The question still remains, how fundamental SiPM characteristics affect the detection of fdNIRS signals. In order to address this issue, simulations are developed which are capable of evaluating and optimizing SiPM parameters (microcell size, microcell number, and recharge time constant) utilizing a Monte Carlo approach to SiPM response from modulated fdNIRS signals. The effects of these parameters are examined in relation to bandwidth and signal to noise ratio, thus providing a methodology for choosing the best SiPM for this unconventional application, and further improving fdNIRS performance.

The details of integrating silicon photomultiplier detectors in fdNIRS imaging systems to provide performance improvements are further investigated to include the operation of SiPMs and how they differ from other fdNIRS photodetectors. It is shown that SiPMs offer similar sensitivity to PMTs while having a lower cost, size, and operating voltage. Experimental data shows drastically increased signal to noise ratio performance as compared to an avalanche photodiode, up to 25dB on human breast, head, and muscle tissue. Finally, we extend the dynamic range of the SiPM through a nonlinear calibration technique which reduced absorption error by a mean 16 percentage points.

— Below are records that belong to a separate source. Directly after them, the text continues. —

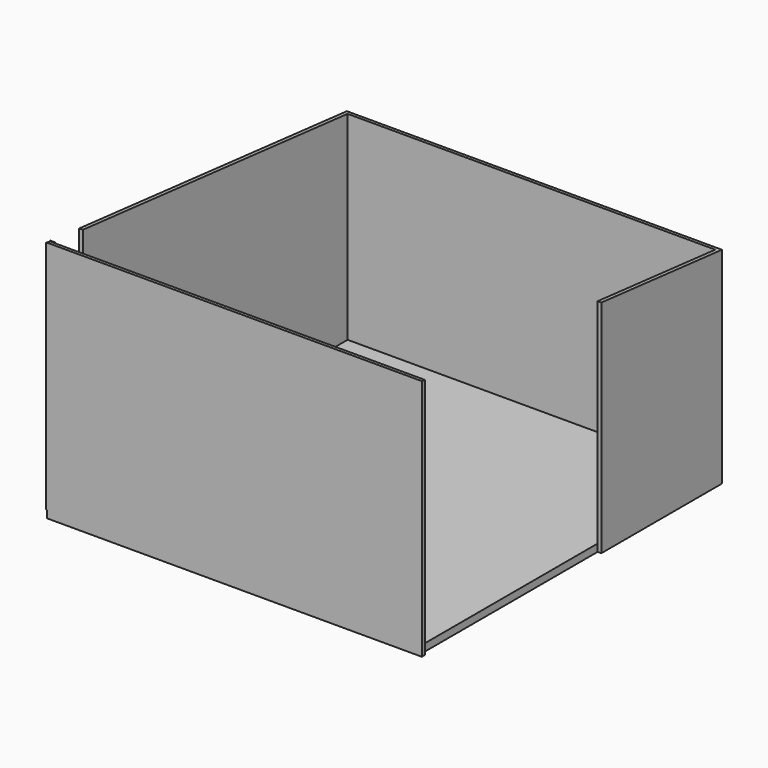
from build123d import *

# Parameters (mm, degrees)
F0_W          = 10200
F0_H          = 10200
F0_W_2        = 10000
F0_H_2        = 10000
F1_DEPTH      = 25
F2_DEPTH      = 6750
F3_W          = 10200
F3_H          = 200
F4_DEPTH      = 10200
F6_DEPTH      = 10200.001
F7_W          = 1000
F7_H          = 2200
F8_DEPTH      = 1400
F8_DEPTH_BACK = 11390
F9_W          = 6000
F9_H          = 6590.1960784314
F10_DEPTH     = 100
F11_TEXT_SIZE = 1216.6990174188
F12_DEPTH     = 25
F14_REACH     = 6597.9908987322


# Not quite as in the source:
# - a feature names something its author has since deleted; it is built from what else it names
# - Text() gives the source's letters only with a copy of the font that has no kerning and outlines rounded to 1/6400 em; it was checked with that copy


with BuildPart() as f1:
    # F0 (on Top) → F1 (new body)
    with BuildSketch(Plane.XY):
        with Locations((5000, 5000)):
            Rectangle(F0_W, F0_H)
        with Locations((5000, 5000)):
            Rectangle(F0_W_2, F0_H_2, mode=Mode.SUBTRACT)
    extrude(amount=F1_DEPTH)

    # F0 (on Top) → F2 (join)
    with BuildSketch(Plane.XY):
        with Locations((5000, 5000)):
            Rectangle(F0_W, F0_H)
        with Locations((5000, 5000)):
            Rectangle(F0_W_2, F0_H_2, mode=Mode.SUBTRACT)
    extrude(amount=F2_DEPTH)

    # F3 (on face) → F4 (join, through all)
    with BuildSketch(Plane.XZ.offset(100)):
        with Locations((5000, -100)):
            Rectangle(F3_W, F3_H)
    extrude(amount=-F4_DEPTH)

    # F5 (on face) → F6 (cut, through all)
    with BuildSketch(Plane.YZ.offset(10100)):
        Polygon((-100, 6400), (10100, 5400), (10100, 6903.0771255493), (-100, 6903.0771255493), align=None)
    extrude(amount=-F6_DEPTH, mode=Mode.SUBTRACT)

    # F7 (on face) → F8 (cut, two sides)
    with BuildSketch(Plane.YZ) as f8_sk:
        with Locations((500, 5290.1960784314)):
            Rectangle(F7_W, F7_H)
    extrude(amount=-F8_DEPTH, mode=Mode.SUBTRACT)
    extrude(f8_sk.sketch, amount=F8_DEPTH_BACK, mode=Mode.SUBTRACT)

    # F9 (on face) → F10 (cut, through all)
    with BuildSketch(Plane.YZ.offset(10100)):
        with Locations((3000, 3095.0980392157)):
            Rectangle(F9_W, F9_H)
    extrude(amount=-F10_DEPTH, mode=Mode.SUBTRACT)

    # F11 (on face) → F12 (join)
    with BuildSketch(Plane(origin=(0, 0, 0), x_dir=(-1, 0, 0), z_dir=(0, 1, 0))):
        with Locations((-7386.3310813904, 1671.2728738785)):
            Text('Atelier 2', F11_TEXT_SIZE, font='Open Sans', text_align=(TextAlign.LEFT, TextAlign.BOTTOM))
    extrude(amount=F12_DEPTH)

    f14_end = Plane(origin=(5000, -50, 6395.0980392157), x_dir=(0, 0.9952285251, -0.097571424), z_dir=(0, 0.097571424, 0.9952285251))
    # F13 (on face) → F14 (join, up to a plane its end follows)
    with BuildSketch(Plane.XY):
        Polygon((-50, 40), (-120, 40), (-120, 30), (-55, 30), (-55, -90), (-120, -90), (-120, -100), (-50, -100), (20, -100), (20, -90), (-45, -90), (-45, 30), (20, 30), (20, 40), align=None)
    f14_long = extrude(amount=F14_REACH, mode=Mode.PRIVATE)
    add(split(f14_long, bisect_by=f14_end, keep=Keep.BOTTOM, mode=Mode.PRIVATE))


solid = f1.part
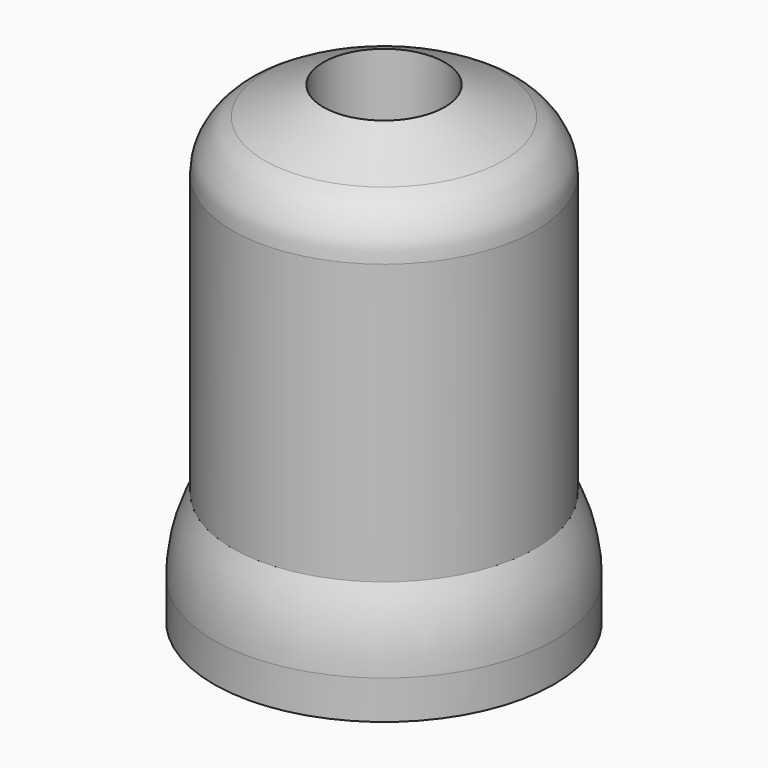
from build123d import *

# Parameters (mm, degrees)
F2_R     = 2.7
F3_DEPTH = 44.201
F4_R     = 11.6
F4_R_2   = 7.75
F5_DEPTH = 38.2
F6_R     = 5
F8_R     = 5.35
F9_DEPTH = 34.1


# Not quite as in the source:
# - a fillet or chamfer that OpenCascade refuses, or shapes differently, is made with other operations: its cross-section is extruded or revolved along the edge and cut away or added


with BuildPart() as f1:
    # F0 (on Front) → F1 (revolve)
    with BuildSketch(Plane.XZ):
        Polygon((0, -25.2708706191), (0, 18.9291293809), (-13.35, 12.5291293809), (-13.35, -15.2708706191), (-15, -15.2708706191), (-15, -25.2708706191), align=None)
    revolve(axis=Axis((0, 0, -3.1708706191), (0, 0, -1)))

    # F2 (on face) → F3 (cut, through all)
    with BuildSketch(Plane(origin=(0, 0, -25.2708706191), x_dir=(1, 0, 0), z_dir=(0, 0, -1))):
        Circle(F2_R)
    extrude(amount=-F3_DEPTH, mode=Mode.SUBTRACT)

    # F4 (on face) → F5 (cut)
    with BuildSketch(Plane(origin=(0, 0, -25.2708706191), x_dir=(1, 0, 0), z_dir=(0, 0, -1))):
        Circle(F4_R)
        Circle(F4_R_2, mode=Mode.SUBTRACT)
    extrude(amount=-F5_DEPTH, mode=Mode.SUBTRACT)

    # F6
    f6_edges = [f1.edges().sort_by_distance(p)[0] for p in [
        (13.35, 0, 12.529129),
    ]]
    fillet(f6_edges, radius=F6_R)

    # F8 (on offset) → F9 (cut)
    with BuildSketch(Plane.XY.offset(17.8)):
        Circle(F8_R)
    extrude(amount=-F9_DEPTH, mode=Mode.SUBTRACT)

    # F10: fillet of radius 14 on 1 edges, made by hand

    # F10_s1 → F10_t2 (revolve, cut)
    with BuildSketch(Plane.XZ):
        with BuildLine():
            ThreePointArc((-13.35, -15.2708706191), (-14.5812370571, -18.4660885634), (-15, -21.864617657))
            Line((-15, -21.864617657), (-15, -15.2708706191))
            Line((-15, -15.2708706191), (-13.35, -15.2708706191))
        make_face()
    revolve(axis=Axis((0, 0, -15.2708706191), (0, 0, -1)), mode=Mode.SUBTRACT)


solid = f1.part

Finally, limitations in speed and accessibility are addressed with a systems-based approach. Currently no fdNIRS systems are completely handheld and only one is capable of displaying chromophore data in real time, which could allow for real-time studies of tissue hemodynamics, spatial chromophore concentrations, greater ease of use by clinicians, and more generally, a simple platform for quantitative tissue spectroscopy. Evaluation was performed on a handheld real-time capable fdNIRS system based upon an all-digital FPGA coupled hardware approach. Quantitative optical scattering and absorption measurements are found to be within 10% agreement as compared to a reference system. It is concluded that handheld high-speed quantitative tissue chromophore assessments are possible with this system-on-a-chip fdNIRS approach, which will enable real-time handheld monitoring of rapid physiological changes.

This work concludes with a summary of the progress that has been made as well as the work that is yet to be done when considering this text within the scope of fdNIRS. Distinct areas where further improvements and research are required to fully enable a handheld fdNIRS systems utilizing the advantages provided by tunable VCSELs and SiPMs is provided. Lastly the authors vision for the future of fdNIRS and a clinically viable fdNIRS device is presented.